Berita Terkini, Eksklusif di WhatsApp RakyatNTT.ID
+ Gabung
So’E, RakyatNTT.ID – Sebuah video yang memperlihatkan tiga anak sekolah dasar berjalan pulang dengan perlengkapan sekolah yang sudah usang viral di media sosial dan mengundang perhatian publik.
Dalam rekaman tersebut, ketiga anak tampak mengenakan sandal yang telah rusak serta membawa tas sekolah yang robek dan penuh tambalan.
Video sederhana itu akhirnya sampai kepada Kapolda Nusa Tenggara Timur, Irjen Pol Dr. Rudi Darmoko. Menanggapi kondisi tersebut, Kapolda NTT langsung memerintahkan jajaran Polres Timor Tengah Selatan (TTS) untuk menelusuri keberadaan anak-anak tersebut dan memastikan kebutuhan mereka dapat terpenuhi.

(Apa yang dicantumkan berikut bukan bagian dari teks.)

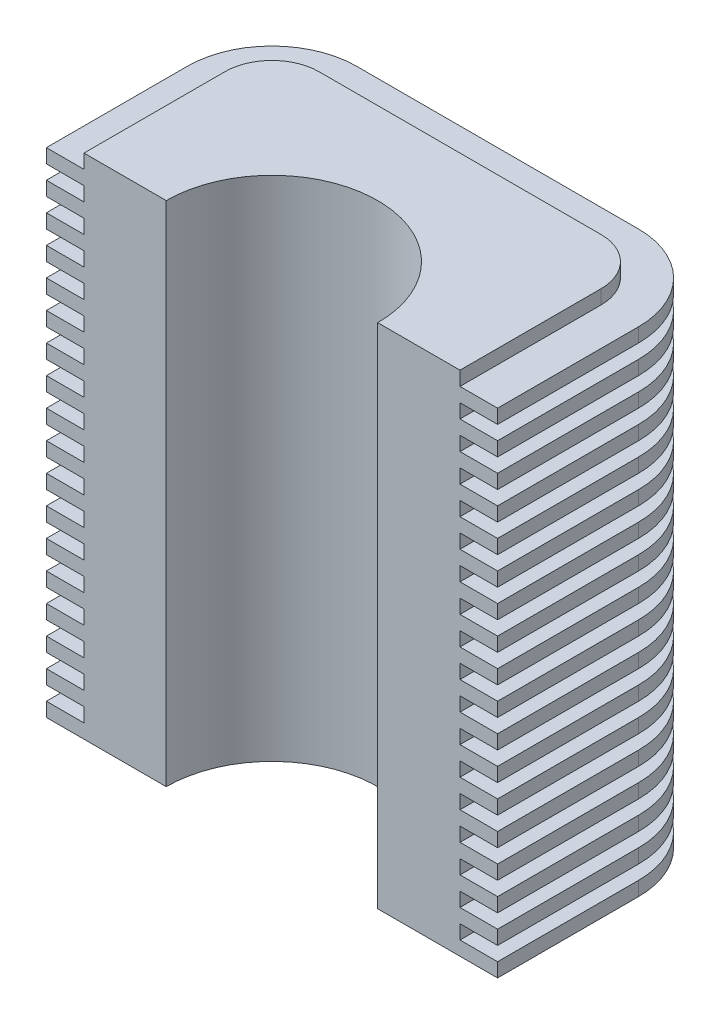
SolidWorks part; units mm, degrees
ref_plane "Front Plane" through (0, 0, 0) normal (0, 0, 1) x (1, 0, 0)
ref_plane "Top Plane" through (0, 0, 0) normal (0, 1, 0) x (1, 0, 0)
ref_plane "Right Plane" through (0, 0, 0) normal (1, 0, 0) x (0, 0, -1)
sketch "Szkic1" plane through (0, 0, 0) normal (0, 1, 0) x (1, 0, 0)
  line L0 (0, 0) -> (0, 40)
  line L1 (0, 40) -> (80, 40)
  line L2 (80, 40) -> (80, 0)
  line L3 (80, 0) -> (62.5, 0)
  line L4 (17.5, 0) -> (0, 0)
  arc A0 (62.5, 0) -> (17.5, 0) centre (40, 0) ccw
  dimension "D3" = 22.5
  dimension "D1" = 40
  dimension "D2" = 80
extrude "Dodanie-wyciągnięcie1" add sketch "Szkic1" along normal blind 108
fillet "Zaokrąglenie1" radius 10 2 edges at (80, 54, -40) (0, 54, -40)
sketch "Szkic2" plane through (0, 0, 0) normal (0, -1, 0) x (1, 0, 0)
  line L0 (80, 0) -> (80, -30) construction
  line L1 (70, -40) -> (10, -40) construction
  line L2 (0, -30) -> (0, 0) construction
  line L3 (80, 0) -> (80, -30)
  line L4 (70, -40) -> (10, -40)
  line L5 (0, -30) -> (0, 0)
  line L6 (88, 0) -> (88, -30)
  line L7 (70, -48) -> (10, -48)
  line L8 (-8, -30) -> (-8, 0)
  line L9 (-8, 0) -> (0, 0)
  line L10 (80, 0) -> (88, 0)
  arc A0 (70, -40) -> (80, -30) centre (70, -30) ccw construction
  arc A1 (0, -30) -> (10, -40) centre (10, -30) ccw construction
  arc A2 (70, -40) -> (80, -30) centre (70, -30) ccw
  arc A3 (0, -30) -> (10, -40) centre (10, -30) ccw
  arc A4 (70, -48) -> (88, -30) centre (70, -30) ccw
  arc A5 (-8, -30) -> (10, -48) centre (10, -30) ccw
  dimension "D1" = 8
extrude "Dodanie-wyciągnięcie2" add sketch "Szkic2" against normal blind 3
pattern_linear "Szyk liniowy1" count 18 spacing 6 along (0, 1, 0) of "Dodanie-wyciągnięcie2"
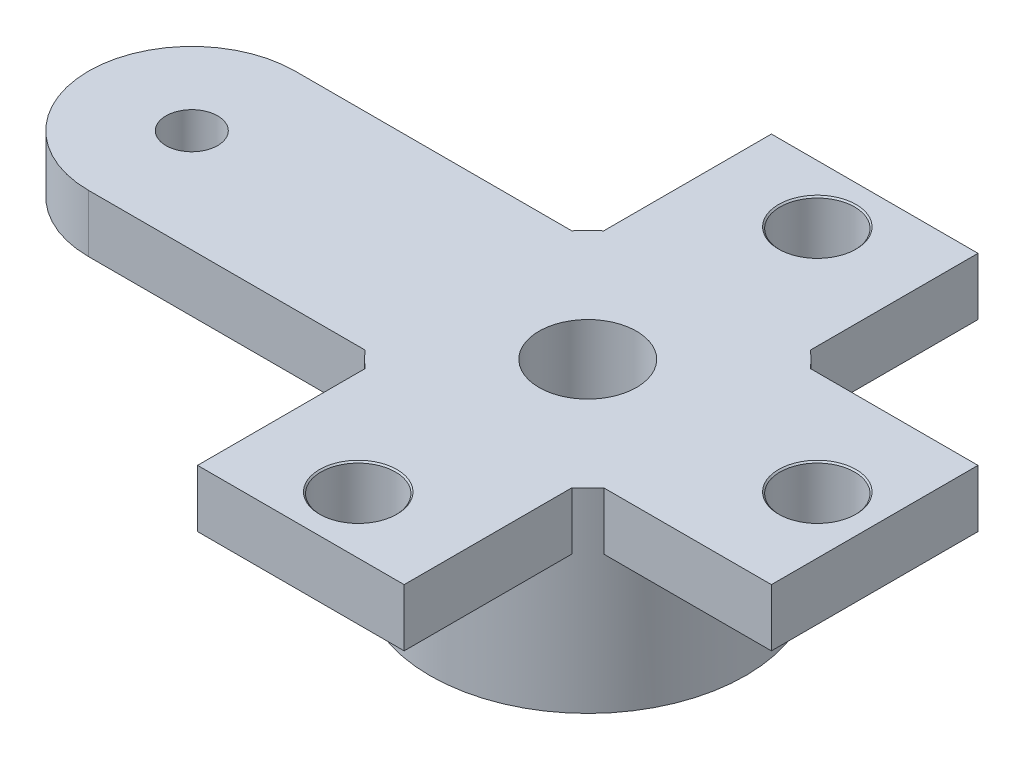
SolidWorks part; units mm, degrees
ref_plane "Спереди" through (0, 0, 0) normal (0, 0, 1) x (1, 0, 0)
ref_plane "Сверху" through (0, 0, 0) normal (0, 1, 0) x (1, 0, 0)
ref_plane "Справа" through (0, 0, 0) normal (1, 0, 0) x (0, 0, -1)
sketch "Эскиз1" plane through (0, 0, 0) normal (0, 1, 0) x (1, 0, 0)
  circle A0 centre (0, 0) radius 2.75
  circle A1 centre (0, 0) radius 0.85
  dimension "D1" = 5.5
  dimension "D2" = 1.7
extrude "Бобышка-Вытянуть1" add sketch "Эскиз1" along normal blind 3.4
sketch "Эскиз2" plane through (0, 3.4, 0) normal (0, 1, 0) x (1, 0, 0)
  line L0 (2.0791, 1.8) -> (6.9, 1.8)
  line L1 (2.0791, -1.8) -> (6.9, -1.8)
  line L2 (-1.8, -2.0791) -> (-1.8, -6.9)
  line L3 (1.8, -2.0791) -> (1.8, -6.9)
  line L4 (-2.0791, 1.8) -> (-6.9, 1.8)
  line L5 (-2.0791, -1.8) -> (-6.9, -1.8)
  line L6 (1.8, 2.0791) -> (1.8, 6.9)
  line L7 (-1.8, 2.0791) -> (-1.8, 6.9)
  circle A0 centre (0, 0) radius 2.75 construction
  arc A1 (6.9, -1.8) -> (6.9, 1.8) centre (6.9, 0) ccw
  arc A2 (-1.8, -6.9) -> (1.8, -6.9) centre (0, -6.9) ccw
  arc A3 (-6.9, 1.8) -> (-6.9, -1.8) centre (-6.9, 0) ccw
  arc A4 (1.8, 6.9) -> (-1.8, 6.9) centre (0, 6.9) ccw
  circle A5 centre (0, 0) radius 2.75
  circle A9 centre (-6.9, 0) radius 0.45
  circle A10 centre (0, 6.9) radius 0.45
  circle A11 centre (6.9, 0) radius 0.45
  circle A12 centre (0, -6.9) radius 0.45
  circle M1 centre (0, 0) radius 2.75
  dimension "D2" = 6.9
  dimension "D4" = 0.9
  dimension "D1" = 3.6
  dimension "D3" = 4
extrude "Бобышка-Вытянуть2" add sketch "Эскиз2" against normal blind 1 contours L4 A3 L5 M1 | L6 A4 L7 M1 | L1 A1 L0 M1 | L2 A2 L3 M1
sketch "Эскиз3" plane through (0, 3.4, 0) normal (0, 1, 0) x (1, 0, 0)
  line L0 (-1.8, 5) -> (1.8, 5)
  line L1 (-1.8, 2.0791) -> (-1.8, 6.9) construction
  line L2 (1.8, 2.0791) -> (1.8, 6.9) construction
  line L3 (1.8, 5) -> (5, 1.8)
  line L4 (2.0791, 1.8) -> (6.9, 1.8) construction
  line L5 (5, 1.8) -> (5, -1.8)
  line L6 (2.0791, -1.8) -> (6.9, -1.8) construction
  line L7 (5, -1.8) -> (1.8, -5)
  line L8 (1.8, -2.0791) -> (1.8, -6.9) construction
  line L9 (1.8, -5) -> (-1.8, -5)
  line L10 (-1.8, -2.0791) -> (-1.8, -6.9) construction
  line L11 (-2.0791, 1.8) -> (-6.9, 1.8) construction
  line L12 (-2.0791, -1.8) -> (-6.9, -1.8) construction
  line L13 (-1.8, 5) -> (-7.7949, 1.8)
  line L14 (-7.7949, -1.8) -> (-1.8, -5)
  circle A0 centre (0, 0) radius 0.85 construction
  arc A1 (-7.7949, 1.8) -> (-7.7949, -1.8) centre (0, 0) ccw
  circle A2 centre (0, 0) radius 2.75 construction
  line M2 (-1.8, -2.0791) -> (-1.8, -6.9)
  arc M3 (-1.8, -6.9) -> (1.8, -6.9) centre (0, -6.9) ccw
  line M4 (1.8, -6.9) -> (1.8, -2.0791)
  line M6 (2.0791, -1.8) -> (6.9, -1.8)
  arc M7 (6.9, -1.8) -> (6.9, 1.8) centre (6.9, 0) ccw
  line M8 (6.9, 1.8) -> (2.0791, 1.8)
  line M10 (1.8, 2.0791) -> (1.8, 6.9)
  arc M11 (1.8, 6.9) -> (-1.8, 6.9) centre (0, 6.9) ccw
  line M12 (-1.8, 6.9) -> (-1.8, 2.0791)
  circle M19 centre (0, 6.9) radius 0.45
  circle M20 centre (6.9, 0) radius 0.45
  circle M21 centre (0, -6.9) radius 0.45
  dimension "D2" = 5
  dimension "D3" = 8
  dimension "D1" = 5
extrude "Вырез-Вытянуть1" cut sketch "Эскиз3" against normal through all contours L5 M8 M6 M7 M20 | L9 M4 M2 M3 M21 | L0 M12 M10 M11 M19
hole_wizard "Диаметр отверстия Ø1.3 (1.3)1" positions "Эскиз5" profile "Эскиз4" hole size "Ø1.3" standard "Ansi (метрические)" end condition up to next
sketch "Эскиз5" plane through (0, 2.4, 0) normal (0, -1, 0) x (1, 0, 0)
  circle A0 centre (0, 0) radius 0.85 construction
  point P0 (0, -4)
  point P1 (4, 0)
  point P3 (0, 4)
  dimension "D1" = 4
  dimension "D2" = 4
  dimension "D3" = 4
sketch "Эскиз4" plane through (0, 2.4, -4) normal (1, 0, 0) x (0, 0, -1)
  line L0 (0, 0) -> (0, 1)
  line L1 (0, 1) -> (0.675, 1)
  line L2 (0.65, 0.975) -> (0.65, 0.025)
  line L3 (0.65, 0.025) -> (0.675, 0)
  line L5 (0.675, 0) -> (0, 0)
  line L6 (-0.65, 0.025) -> (-0.675, 0) construction
  line L7 (0.675, 1) -> (0.65, 0.975)
  line L8 (-0.675, 1) -> (-0.65, 0.975) construction
  line L11 (0, -6.35) -> (0, 107.95) construction
  dimension "Диаметр сквозного отверстия" = 1.3
  dimension "Глубина сквозного отверстия" = 1
  dimension "Диаметр передней зенковки" = 1.35
  dimension "Угол передней зенковки" = 90
  dimension "Диаметр задней зенковки" = 1.35
  dimension "Угол задней зенковки" = 90

Langkah cepat tersebut menjadi bentuk nyata kepedulian terhadap pendidikan anak-anak di daerah yang masih menghadapi berbagai keterbatasan ekonomi.
Kapolres TTS, AKBP Hendra Dorizen, menjelaskan bahwa pihaknya segera menindaklanjuti informasi yang beredar di media sosial dengan menginstruksikan Kapolsek Mollo Selatan bersama personel turun langsung ke lapangan.
“Kami mendapat informasi mengenai postingan yang memperlihatkan beberapa anak sekolah berjalan pulang dengan kondisi perlengkapan sekolah yang kurang layak. Atas arahan Bapak Kapolda NTT, kami langsung turun ke lapangan untuk memastikan kondisi mereka dan mencari tahu kebutuhan yang dapat dibantu,” ujar AKBP Hendra Dorizen, Sabtu (6/6/2026).
Ditemukan di Desa Oelbubuk
Setelah melakukan penelusuran, petugas akhirnya menemukan ketiga anak tersebut di Desa Oelbubuk, Kecamatan Mollo Tengah, Kabupaten Timor Tengah Selatan.
Mereka adalah Jumaida Sarlota Hana Kase (10), siswi kelas IV SD GMIT Oelbubuk, Angky Gabriel Mateos Kase (8), siswa kelas II, dan Alen Marsela Taifa (10), siswi kelas IV.
Saat berdialog dengan anak-anak tersebut, petugas menemukan fakta yang menyentuh. Mereka mengaku tidak menggunakan sepatu ke sekolah karena sepatu yang dimiliki telah rusak dan tidak layak dipakai lagi.
“Ketika ditanya kenapa tidak menggunakan sepatu, mereka menjawab dengan polos bahwa sepatu mereka sudah robek sehingga tidak bisa dipakai ke sekolah,” kata Kapolres.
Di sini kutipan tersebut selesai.